If you *try *to bring the real-world into the classroom then you probably won’t succeed very well – the best you can hope for is a simulation of real life and, at worst, you will be torturing reality to try to fit the maths.

Whilst the motivational posters of Twitter still valorise ‘real-world’ and ‘authentic’ without explaining what these mean, the more thoughtful constructivists have moved on, tying themselves in knots as they try to hold on to the principle of authenticity whilst avoiding its absurdity.

In David Perkins’ book “Future Wise,” he seeks to define a criterion that he names “lifeworthy”. This isn’t about learning only those concepts that have a direct application in real life but it also sort-of is. What emerges is essentially an idiosyncratic list of what Perkins thinks is important. He is a fan, for instance, of the French revolution. When it comes to mathematics, it’s out with quadratic equations – not lifeworthy enough – and in with statistics.

The late Grant Wiggins made a similar turn when trying to define ‘authenticity’, specifically in the form of assessment tasks. For Wiggins, authentic tasks must be, “representative challenges within a given discipline. They are designed to emphasize realistic (but fair) complexity; they stress depth more than breadth.

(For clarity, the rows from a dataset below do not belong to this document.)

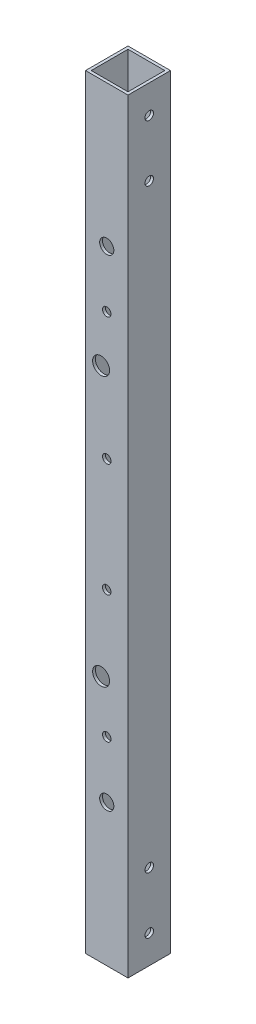
SolidWorks part; units mm, degrees
material "6061-O (SS)"
ref_plane "前视基准面" through (0, 0, 0) normal (0, 0, 1) x (1, 0, 0)
ref_plane "上视基准面" through (0, 0, 0) normal (0, 1, 0) x (1, 0, 0)
ref_plane "右视基准面" through (0, 0, 0) normal (1, 0, 0) x (0, 0, -1)
sketch "草图1" plane through (0, 0, 0) normal (0, 1, 0) x (1, 0, 0)
  line L0 (-6.5, 6.5) -> (6.5, 6.5)
  line L1 (-7.5, -7.5) -> (7.5, -7.5)
  line L2 (-7.5, -7.5) -> (-7.5, 7.5)
  line L3 (-7.5, 7.5) -> (7.5, 7.5)
  line L4 (7.5, -7.5) -> (7.5, 7.5)
  line L5 (-7.5, -7.5) -> (7.5, 7.5) construction
  line L6 (-7.5, 7.5) -> (7.5, -7.5) construction
  line L7 (6.5, -6.5) -> (6.5, 6.5)
  line L8 (-6.5, -6.5) -> (6.5, -6.5)
  line L9 (-6.5, -6.5) -> (-6.5, 6.5)
  point P0 (0, 0)
  dimension "D1" = 15
  dimension "D2" = 1
extrude "凸台-拉伸1" add sketch "草图1" along normal blind 270
sketch "草图2" plane through (0, 0, 7.5) normal (0, 0, 1) x (1, 0, 0)
  line L0 (0, 270) -> (0, 0) construction
  line L1 (-7.5, 270) -> (7.5, 270) construction
  line L2 (-7.5, 135) -> (7.5, 135) construction
  line L3 (-7.5, 270) -> (-7.5, 0) construction
  line L4 (7.5, 270) -> (7.5, 0) construction
  circle A0 centre (0, 155) radius 1.5
  circle A1 centre (0, 115) radius 1.5
  circle A2 centre (0, 200) radius 1.5
  circle A3 centre (0, 70) radius 1.5
  circle A4 centre (0, 220) radius 2.5
  circle A5 centre (0, 50) radius 2.5
  circle A6 centre (-2, 182.5) radius 3
  circle A7 centre (-2, 87.5) radius 3
  dimension "D1" = 40
  dimension "D2" = 45
  dimension "D3" = 3
  dimension "D4" = 170
  dimension "D5" = 5
  dimension "D6" = 95
  dimension "D7" = 6
  dimension "D8" = 2
extrude "切除-拉伸1" cut sketch "草图2" against normal through all
sketch "草图3" plane through (7.5, 0, 0) normal (1, 0, 0) x (0, 0, -1)
  line L0 (0, 270) -> (0, 0) construction
  line L1 (-7.5, 270) -> (7.5, 270) construction
  line L2 (-7.5, 135) -> (7.5, 135) construction
  line L3 (-7.5, 270) -> (-7.5, 0) construction
  line L4 (7.5, 270) -> (7.5, 0) construction
  circle A0 centre (0, 240) radius 1.5
  circle A1 centre (0, 30) radius 1.5
  circle A2 centre (0, 10) radius 1.5
  circle A3 centre (0, 260) radius 1.5
  dimension "D1" = 210
  dimension "D2" = 20
  dimension "D3" = 3
extrude "切除-拉伸2" cut sketch "草图3" against normal through all
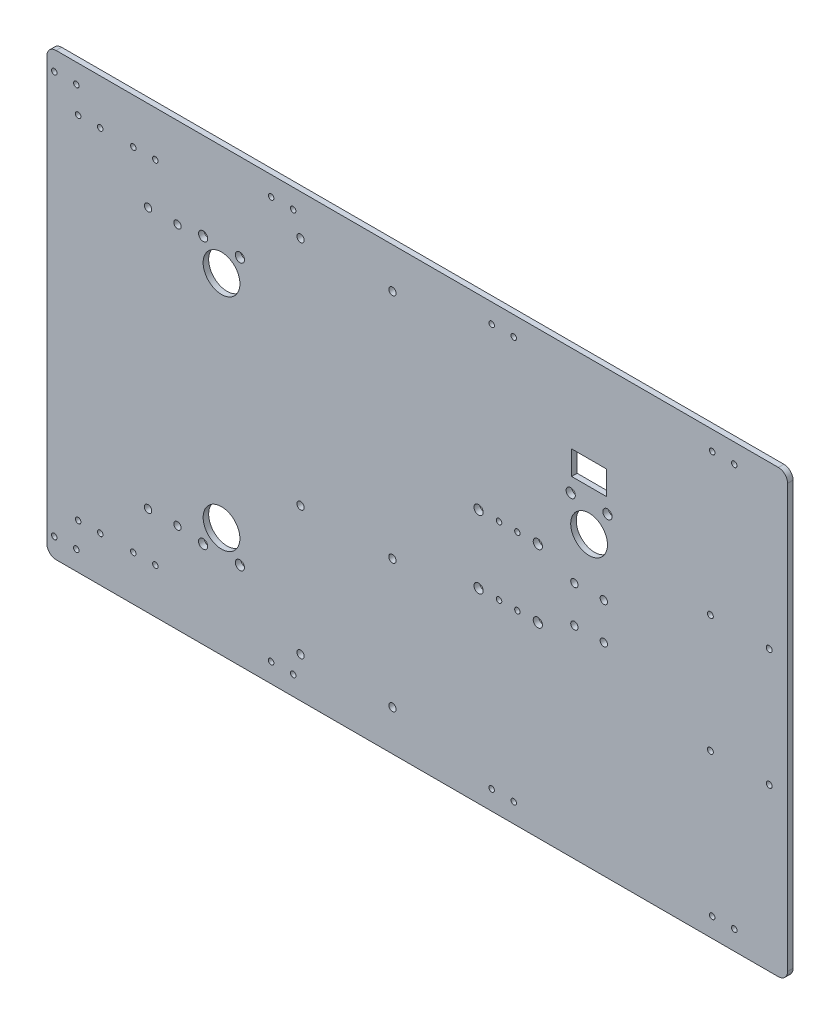
SolidWorks part; units mm, degrees
ref_plane "前视基准面" through (0, 0, 0) normal (0, 0, 1) x (1, 0, 0)
ref_plane "上视基准面" through (0, 0, 0) normal (0, 1, 0) x (1, 0, 0)
ref_plane "右视基准面" through (0, 0, 0) normal (1, 0, 0) x (0, 0, -1)
sketch "Model" plane through (0, 0, 0) normal (0, 0, 1) x (1, 0, 0)
  line L0 (5, 120) -> (398, 120)
  line L3 (5, -120) -> (398, -120)
  line L5 (0, 115) -> (0, -115)
  line L7 (285.5, 72.5) -> (304.5, 72.5)
  line L8 (304.5, 72.5) -> (304.5, 59.5)
  line L9 (304.5, 59.5) -> (285.5, 59.5)
  line L10 (285.5, 59.5) -> (285.5, 72.5)
  line L11 (403, 115) -> (403, -115)
  arc A0 (398, -120) -> (403, -115) centre (398, -115) ccw
  arc A1 (0, -115) -> (5, -120) centre (5, -115) ccw
  circle A2 centre (17, 95.5) radius 1.5
  circle A3 centre (29, 95.5) radius 1.5
  circle A4 centre (47, 95.5) radius 1.5
  circle A5 centre (59, 95.5) radius 1.5
  circle A6 centre (17, -95.5) radius 1.5
  circle A7 centre (29, -95.5) radius 1.5
  circle A8 centre (47, -95.5) radius 1.5
  circle A9 centre (59, -95.5) radius 1.5
  arc A10 (5, 120) -> (0, 115) centre (5, 115) ccw
  circle A11 centre (4, 109.5) radius 1.5
  circle A12 centre (16, 109.5) radius 1.5
  circle A13 centre (4, -109.5) radius 1.5
  circle A14 centre (16, -109.5) radius 1.5
  circle A15 centre (362, 109.5) radius 1.5
  circle A16 centre (374, 109.5) radius 1.5
  circle A17 centre (362, -109.5) radius 1.5
  circle A18 centre (374, -109.5) radius 1.5
  circle A19 centre (361, 32) radius 1.6
  circle A20 centre (393, 32) radius 1.6
  circle A21 centre (393, -32) radius 1.6
  circle A22 centre (361, -32) radius 1.6
  circle A23 centre (188, 98) radius 2
  circle A24 centre (138, 98) radius 2
  circle A25 centre (254, 109.5) radius 1.5
  circle A26 centre (242, 109.5) radius 1.5
  circle A27 centre (188, -98) radius 2
  circle A28 centre (138, -98) radius 2
  circle A29 centre (138, -28) radius 2
  circle A30 centre (188, -28) radius 2
  circle A31 centre (295, 37) radius 10
  circle A32 centre (285, 51.5) radius 2.5
  circle A33 centre (305, 51.5) radius 2.5
  circle A34 centre (256, 18.5) radius 1.5
  circle A35 centre (246, 18.5) radius 1.5
  circle A36 centre (256, -18.5) radius 1.5
  circle A37 centre (246, -18.5) radius 1.5
  circle A38 centre (95, 60) radius 10
  circle A39 centre (105, 72.5) radius 2.5
  circle A40 centre (85, 72.5) radius 2.5
  circle A41 centre (95, -60) radius 10
  circle A42 centre (105, -72.5) radius 2.5
  circle A43 centre (85, -72.5) radius 2.5
  circle A44 centre (134, 109.5) radius 1.5
  circle A45 centre (122, 109.5) radius 1.5
  circle A46 centre (287, 10) radius 2
  circle A47 centre (303, 10) radius 2
  circle A48 centre (303, -10) radius 2
  circle A49 centre (287, -10) radius 2
  circle A50 centre (55.0305, 71.0005) radius 2
  circle A51 centre (71.0305, 71.0005) radius 2
  circle A52 centre (55.0305, -71.0005) radius 2
  circle A53 centre (71.0305, -71.0005) radius 2
  circle A54 centre (254, -109.5) radius 1.5
  circle A55 centre (242, -109.5) radius 1.5
  circle A56 centre (134, -109.5) radius 1.5
  circle A57 centre (122, -109.5) radius 1.5
  circle A58 centre (267.1069, 18.5) radius 2.5
  circle A59 centre (234.8931, 18.5) radius 2.5
  circle A60 centre (267.1069, -18.5) radius 2.5
  circle A61 centre (234.8931, -18.5) radius 2.5
  arc A62 (403, 115) -> (398, 120) centre (398, 115) ccw
  dimension "D1" = 403
extrude "凸台-拉伸1" add sketch "Model" along normal blind 3 contours L11 A62 L0 A10 L5 A1 L3 A0 L9 L10 L7 L8 A2 A3 A4 A5 A6 A7 A8 A9 A11 A12 A13 A14 A15 A16 A17 A18 A19 A20 A21
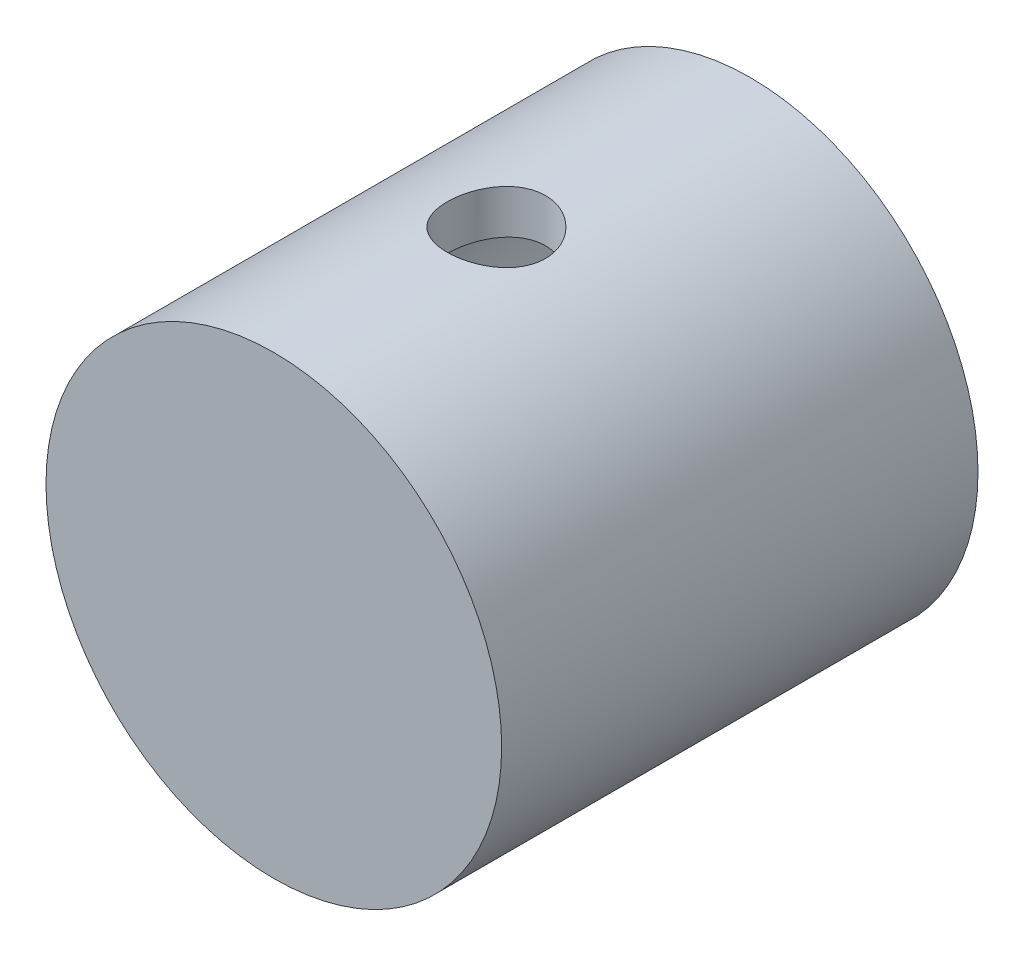
SolidWorks part; units mm, degrees
ref_plane "Plano frontal" through (0, 0, 0) normal (0, 0, 1) x (1, 0, 0)
ref_plane "Plano superior" through (0, 0, 0) normal (0, 1, 0) x (1, 0, 0)
ref_plane "Plano direito" through (0, 0, 0) normal (1, 0, 0) x (0, 0, -1)
sketch "Esboço7" plane through (0, 0, 0) normal (0, 0, 1) x (1, 0, 0)
  circle A0 centre (0, 0) radius 22
  dimension "D1" = 44
sketch "Esboço11" plane through (0, 0, 0) normal (0, 0, 1) x (1, 0, 0)
  circle A0 centre (0, 0) radius 17.8
  dimension "D1" = 35.6
extrude "Ressalto-extrusão1" add sketch "Esboço7" along normal blind 46 contours A0
extrude "Corte-extrusão1" cut sketch "Esboço11" along normal blind 43 contours A0
sketch "Esboço15" plane through (0, 0, 0) normal (0, 1, 0) x (1, 0, 0)
  circle A0 centre (0, -24.505) radius 4.75
  dimension "D1" = 9.5
extrude "Corte-extrusão3" cut sketch "Esboço15" against normal through all both and the other way through all

In doing so, they must necessarily involve somewhat ambiguous, ill structured tasks or problems.” Yet this doesn’t mean they have to be ‘real-world’ or ‘hands-on’. The CAN be. But the don’t have to be.

Wiggins goes on to outline an example of the kind of open-ended mathematics task favoured by constructivists. This is authentic, he asserts, because it involves doing *real* maths.

Huh.

When you look at Perkins’ proposals for maths tasks, despite the definitional hi-jinks, they involve students doing things like planning, “for their town’s future water needs or model its traffic flow.” Which sounds real-world, mundane and dull.

The concept of real-world maths is so ingrained – particularly through it’s adoption by constructivists – that the massive multi-national testing program run by the OECD and known as the Programme for International Student Assessment (PISA) adopted the principle for its maths test. PISA maths is based upon Realistic Mathematics Education (RME) – a maths philosophy from The Netherlands that takes an instrumental view of mathematics. In RME, students first work in real-world contexts, using their intuition to solve problems before developing more formal approaches.

It is therefore ironic that the OECD has found evidence in its own data that pure, abstract mathematics teaching is linked to higher performance on its own tests of supposedly real-world problems than teaching that focuses on real-world contexts and applications.

The OECD nails the instrumental view:

“It is hard to find two scholars holding the same view about how mathematics should be taught, but there is general agreement among practitioners about the final goal: mathematics should be taught ‘as to be useful’.”

I disagree with that. The study goes on to look at how maths is taught in different countries. It is essentially a study of correlations and so you could wave it away for that reason but the authors have tried to control for a number of factors. Crucially, they find the following:

As the report suggests, this finding is consistent with cognitive science and the fact that learning is often tied to the contexts through which it is learnt. Indeed, one of the most powerful aspects of mathematics is that it is abstract and therefore can be generalised across diverse contexts.

It is odd but not entirely surprising to see how these results have been spun. Andreas Schleicher, education boss at the OECD decided to somewhat miss the point. To him, it was not the contexts that were the problem but the way that they must have been used. He assumed that teachers of applied maths must be teaching students tips and tricks and asking them to mechanically learn simple mathematical procedures because Schleicher knows, a priori, that this would be bad.

Diane Briars of the National Council of Teachers of Mathematics in the U.S. (NCTM) also took the opportunity to criticise the idea of teaching children to memorise rules as well as having a bit of a rant about ‘flip-and-multiply’ – a method for dividing fractions.

It’s almost as if they had been asked to comment on something else.